→ Records from a collection
○ ○ ○ ○

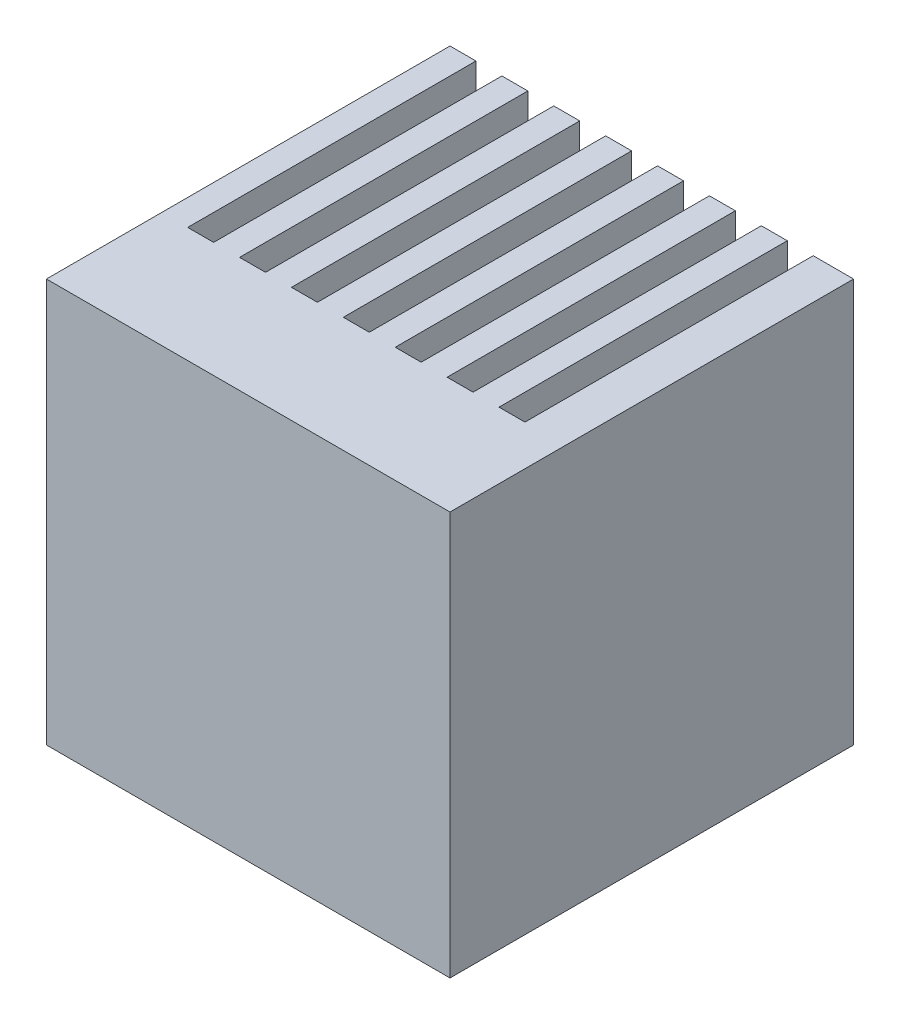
ISO-10303-21;
HEADER;
FILE_DESCRIPTION(('STEP AP214'),'2;1');
FILE_NAME('part.step','',(''),(''),'','','');
FILE_SCHEMA(('AUTOMOTIVE_DESIGN { 1 0 10303 214 1 1 1 1 }'));
ENDSEC;
DATA;
#1=APPLICATION_CONTEXT('core data for automotive mechanical design processes');
#2=APPLICATION_PROTOCOL_DEFINITION('international standard','automotive_design',2000,#1);
#3=PRODUCT_CONTEXT('',#1,'mechanical');
#4=PRODUCT('Part','Part','',(#3));
#5=PRODUCT_RELATED_PRODUCT_CATEGORY('part','',(#4));
#6=PRODUCT_DEFINITION_FORMATION('','',#4);
#7=PRODUCT_DEFINITION_CONTEXT('part definition',#1,'design');
#8=PRODUCT_DEFINITION('design','',#6,#7);
#9=PRODUCT_DEFINITION_SHAPE('','',#8);
#10=(LENGTH_UNIT() NAMED_UNIT(*) SI_UNIT(.MILLI.,.METRE.));
#11=(NAMED_UNIT(*) PLANE_ANGLE_UNIT() SI_UNIT($,.RADIAN.));
#12=(NAMED_UNIT(*) SI_UNIT($,.STERADIAN.) SOLID_ANGLE_UNIT());
#13=UNCERTAINTY_MEASURE_WITH_UNIT(LENGTH_MEASURE(1.E-05),#10,'distance_accuracy_value','');
#14=(GEOMETRIC_REPRESENTATION_CONTEXT(3) GLOBAL_UNCERTAINTY_ASSIGNED_CONTEXT((#13)) GLOBAL_UNIT_ASSIGNED_CONTEXT((#10,
#11,#12)) REPRESENTATION_CONTEXT('',''));
#15=CARTESIAN_POINT('',(0.,0.,0.));
#16=DIRECTION('',(0.,0.,1.));
#17=DIRECTION('',(1.,0.,0.));
#18=AXIS2_PLACEMENT_3D('',#15,#16,#17);
#19=CARTESIAN_POINT('',(0.,28.,0.));
#20=DIRECTION('',(0.,0.,1.));
#21=DIRECTION('',(1.,0.,0.));
#22=AXIS2_PLACEMENT_3D('',#19,#20,#21);
#23=PLANE('',#22);
#24=DIRECTION('',(-1.,0.,0.));
#25=VECTOR('',#24,1.);
#26=CARTESIAN_POINT('',(0.,28.,0.));
#27=LINE('',#26,#25);
#28=CARTESIAN_POINT('',(5.4,28.,0.));
#29=VERTEX_POINT('',#28);
#30=CARTESIAN_POINT('',(3.6,28.,0.));
#31=VERTEX_POINT('',#30);
#32=EDGE_CURVE('E448',#29,#31,#27,.T.);
#33=ORIENTED_EDGE('',*,*,#32,.F.);
#34=DIRECTION('',(0.,1.,0.));
#35=VECTOR('',#34,1.);
#36=CARTESIAN_POINT('',(5.4,0.,0.));
#37=LINE('',#36,#35);
#38=CARTESIAN_POINT('',(5.4,0.,0.));
#39=VERTEX_POINT('',#38);
#40=EDGE_CURVE('E274',#39,#29,#37,.T.);
#41=ORIENTED_EDGE('',*,*,#40,.F.);
#42=DIRECTION('',(-1.,0.,0.));
#43=VECTOR('',#42,1.);
#44=CARTESIAN_POINT('',(0.,0.,0.));
#45=LINE('',#44,#43);
#46=CARTESIAN_POINT('',(3.6,0.,0.));
#47=VERTEX_POINT('',#46);
#48=EDGE_CURVE('E264',#39,#47,#45,.T.);
#49=ORIENTED_EDGE('',*,*,#48,.T.);
#50=DIRECTION('',(0.,1.,0.));
#51=VECTOR('',#50,1.);
#52=CARTESIAN_POINT('',(3.6,0.,0.));
#53=LINE('',#52,#51);
#54=EDGE_CURVE('E428',#47,#31,#53,.T.);
#55=ORIENTED_EDGE('',*,*,#54,.T.);
#56=EDGE_LOOP('',(#33,#41,#49,#55));
#57=FACE_BOUND('',#56,.T.);
#58=ADVANCED_FACE('F35',(#57),#23,.F.);
#59=CARTESIAN_POINT('',(9.,0.,0.));
#60=VERTEX_POINT('',#59);
#61=CARTESIAN_POINT('',(7.2,0.,0.));
#62=VERTEX_POINT('',#61);
#63=EDGE_CURVE('E488',#60,#62,#45,.T.);
#64=ORIENTED_EDGE('',*,*,#63,.T.);
#65=DIRECTION('',(0.,1.,0.));
#66=VECTOR('',#65,1.);
#67=CARTESIAN_POINT('',(7.2,0.,0.));
#68=LINE('',#67,#66);
#69=CARTESIAN_POINT('',(7.2,28.,0.));
#70=VERTEX_POINT('',#69);
#71=EDGE_CURVE('E277',#62,#70,#68,.T.);
#72=ORIENTED_EDGE('',*,*,#71,.T.);
#73=CARTESIAN_POINT('',(9.,28.,0.));
#74=VERTEX_POINT('',#73);
#75=EDGE_CURVE('E531',#74,#70,#27,.T.);
#76=ORIENTED_EDGE('',*,*,#75,.F.);
#77=DIRECTION('',(0.,1.,0.));
#78=VECTOR('',#77,1.);
#79=CARTESIAN_POINT('',(9.,0.,0.));
#80=LINE('',#79,#78);
#81=EDGE_CURVE('E272',#60,#74,#80,.T.);
#82=ORIENTED_EDGE('',*,*,#81,.F.);
#83=EDGE_LOOP('',(#64,#72,#76,#82));
#84=FACE_BOUND('',#83,.T.);
#85=ADVANCED_FACE('F512',(#84),#23,.F.);
#86=CARTESIAN_POINT('',(12.6,0.,0.));
#87=VERTEX_POINT('',#86);
#88=CARTESIAN_POINT('',(10.8,0.,0.));
#89=VERTEX_POINT('',#88);
#90=EDGE_CURVE('E500',#87,#89,#45,.T.);
#91=ORIENTED_EDGE('',*,*,#90,.T.);
#92=DIRECTION('',(0.,1.,0.));
#93=VECTOR('',#92,1.);
#94=CARTESIAN_POINT('',(10.8,0.,0.));
#95=LINE('',#94,#93);
#96=CARTESIAN_POINT('',(10.8,28.,0.));
#97=VERTEX_POINT('',#96);
#98=EDGE_CURVE('E299',#89,#97,#95,.T.);
#99=ORIENTED_EDGE('',*,*,#98,.T.);
#100=CARTESIAN_POINT('',(12.6,28.,0.));
#101=VERTEX_POINT('',#100);
#102=EDGE_CURVE('E527',#101,#97,#27,.T.);
#103=ORIENTED_EDGE('',*,*,#102,.F.);
#104=DIRECTION('',(0.,1.,0.));
#105=VECTOR('',#104,1.);
#106=CARTESIAN_POINT('',(12.6,0.,0.));
#107=LINE('',#106,#105);
#108=EDGE_CURVE('E294',#87,#101,#107,.T.);
#109=ORIENTED_EDGE('',*,*,#108,.F.);
#110=EDGE_LOOP('',(#91,#99,#103,#109));
#111=FACE_BOUND('',#110,.T.);
#112=ADVANCED_FACE('F526',(#111),#23,.F.);
#113=CARTESIAN_POINT('',(16.2,0.,0.));
#114=VERTEX_POINT('',#113);
#115=CARTESIAN_POINT('',(14.4,0.,0.));
#116=VERTEX_POINT('',#115);
#117=EDGE_CURVE('E495',#114,#116,#45,.T.);
#118=ORIENTED_EDGE('',*,*,#117,.T.);
#119=DIRECTION('',(0.,1.,0.));
#120=VECTOR('',#119,1.);
#121=CARTESIAN_POINT('',(14.4,0.,0.));
#122=LINE('',#121,#120);
#123=CARTESIAN_POINT('',(14.4,28.,0.));
#124=VERTEX_POINT('',#123);
#125=EDGE_CURVE('E325',#116,#124,#122,.T.);
#126=ORIENTED_EDGE('',*,*,#125,.T.);
#127=CARTESIAN_POINT('',(16.2,28.,0.));
#128=VERTEX_POINT('',#127);
#129=EDGE_CURVE('E530',#128,#124,#27,.T.);
#130=ORIENTED_EDGE('',*,*,#129,.F.);
#131=DIRECTION('',(0.,1.,0.));
#132=VECTOR('',#131,1.);
#133=CARTESIAN_POINT('',(16.2,0.,0.));
#134=LINE('',#133,#132);
#135=EDGE_CURVE('E320',#114,#128,#134,.T.);
#136=ORIENTED_EDGE('',*,*,#135,.F.);
#137=EDGE_LOOP('',(#118,#126,#130,#136));
#138=FACE_BOUND('',#137,.T.);
#139=ADVANCED_FACE('F560',(#138),#23,.F.);
#140=CARTESIAN_POINT('',(19.8,0.,0.));
#141=VERTEX_POINT('',#140);
#142=CARTESIAN_POINT('',(18.,0.,0.));
#143=VERTEX_POINT('',#142);
#144=EDGE_CURVE('E490',#141,#143,#45,.T.);
#145=ORIENTED_EDGE('',*,*,#144,.T.);
#146=DIRECTION('',(0.,1.,0.));
#147=VECTOR('',#146,1.);
#148=CARTESIAN_POINT('',(18.,0.,0.));
#149=LINE('',#148,#147);
#150=CARTESIAN_POINT('',(18.,28.,0.));
#151=VERTEX_POINT('',#150);
#152=EDGE_CURVE('E351',#143,#151,#149,.T.);
#153=ORIENTED_EDGE('',*,*,#152,.T.);
#154=CARTESIAN_POINT('',(19.8,28.,0.));
#155=VERTEX_POINT('',#154);
#156=EDGE_CURVE('E533',#155,#151,#27,.T.);
#157=ORIENTED_EDGE('',*,*,#156,.F.);
#158=DIRECTION('',(0.,1.,0.));
#159=VECTOR('',#158,1.);
#160=CARTESIAN_POINT('',(19.8,0.,0.));
#161=LINE('',#160,#159);
#162=EDGE_CURVE('E346',#141,#155,#161,.T.);
#163=ORIENTED_EDGE('',*,*,#162,.F.);
#164=EDGE_LOOP('',(#145,#153,#157,#163));
#165=FACE_BOUND('',#164,.T.);
#166=ADVANCED_FACE('F549',(#165),#23,.F.);
#167=CARTESIAN_POINT('',(23.4,0.,0.));
#168=VERTEX_POINT('',#167);
#169=CARTESIAN_POINT('',(21.6,0.,0.));
#170=VERTEX_POINT('',#169);
#171=EDGE_CURVE('E458',#168,#170,#45,.T.);
#172=ORIENTED_EDGE('',*,*,#171,.T.);
#173=DIRECTION('',(0.,1.,0.));
#174=VECTOR('',#173,1.);
#175=CARTESIAN_POINT('',(21.6,0.,0.));
#176=LINE('',#175,#174);
#177=CARTESIAN_POINT('',(21.6,28.,0.));
#178=VERTEX_POINT('',#177);
#179=EDGE_CURVE('E377',#170,#178,#176,.T.);
#180=ORIENTED_EDGE('',*,*,#179,.T.);
#181=CARTESIAN_POINT('',(23.4,28.,0.));
#182=VERTEX_POINT('',#181);
#183=EDGE_CURVE('E447',#182,#178,#27,.T.);
#184=ORIENTED_EDGE('',*,*,#183,.F.);
#185=DIRECTION('',(0.,1.,0.));
#186=VECTOR('',#185,1.);
#187=CARTESIAN_POINT('',(23.4,0.,0.));
#188=LINE('',#187,#186);
#189=EDGE_CURVE('E372',#168,#182,#188,.T.);
#190=ORIENTED_EDGE('',*,*,#189,.F.);
#191=EDGE_LOOP('',(#172,#180,#184,#190));
#192=FACE_BOUND('',#191,.T.);
#193=ADVANCED_FACE('F595',(#192),#23,.F.);
#194=CARTESIAN_POINT('',(1.8,28.,0.));
#195=VERTEX_POINT('',#194);
#196=CARTESIAN_POINT('',(0.,28.,0.));
#197=VERTEX_POINT('',#196);
#198=EDGE_CURVE('E442',#195,#197,#27,.T.);
#199=ORIENTED_EDGE('',*,*,#198,.F.);
#200=DIRECTION('',(0.,1.,0.));
#201=VECTOR('',#200,1.);
#202=CARTESIAN_POINT('',(1.8,0.,0.));
#203=LINE('',#202,#201);
#204=CARTESIAN_POINT('',(1.8,0.,0.));
#205=VERTEX_POINT('',#204);
#206=EDGE_CURVE('E425',#205,#195,#203,.T.);
#207=ORIENTED_EDGE('',*,*,#206,.F.);
#208=CARTESIAN_POINT('',(0.,0.,0.));
#209=VERTEX_POINT('',#208);
#210=EDGE_CURVE('E455',#205,#209,#45,.T.);
#211=ORIENTED_EDGE('',*,*,#210,.T.);
#212=DIRECTION('',(0.,-1.,0.));
#213=VECTOR('',#212,1.);
#214=CARTESIAN_POINT('',(0.,28.,0.));
#215=LINE('',#214,#213);
#216=EDGE_CURVE('E446',#197,#209,#215,.T.);
#217=ORIENTED_EDGE('',*,*,#216,.F.);
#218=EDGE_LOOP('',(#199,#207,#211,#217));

○ ○ ○ ○

→ Your objective
Copy the entries above exactly, but only from the line holding "#59=CARTESIAN_POINT('',(9.,0.,0.));" through the line holding "#81=EDGE_CURVE('E272',#60,#74,#80,.T.);", both included.

→ Result of the exercise
#59=CARTESIAN_POINT('',(9.,0.,0.));
#60=VERTEX_POINT('',#59);
#61=CARTESIAN_POINT('',(7.2,0.,0.));
#62=VERTEX_POINT('',#61);
#63=EDGE_CURVE('E488',#60,#62,#45,.T.);
#64=ORIENTED_EDGE('',*,*,#63,.T.);
#65=DIRECTION('',(0.,1.,0.));
#66=VECTOR('',#65,1.);
#67=CARTESIAN_POINT('',(7.2,0.,0.));
#68=LINE('',#67,#66);
#69=CARTESIAN_POINT('',(7.2,28.,0.));
#70=VERTEX_POINT('',#69);
#71=EDGE_CURVE('E277',#62,#70,#68,.T.);
#72=ORIENTED_EDGE('',*,*,#71,.T.);
#73=CARTESIAN_POINT('',(9.,28.,0.));
#74=VERTEX_POINT('',#73);
#75=EDGE_CURVE('E531',#74,#70,#27,.T.);
#76=ORIENTED_EDGE('',*,*,#75,.F.);
#77=DIRECTION('',(0.,1.,0.));
#78=VECTOR('',#77,1.);
#79=CARTESIAN_POINT('',(9.,0.,0.));
#80=LINE('',#79,#78);
#81=EDGE_CURVE('E272',#60,#74,#80,.T.);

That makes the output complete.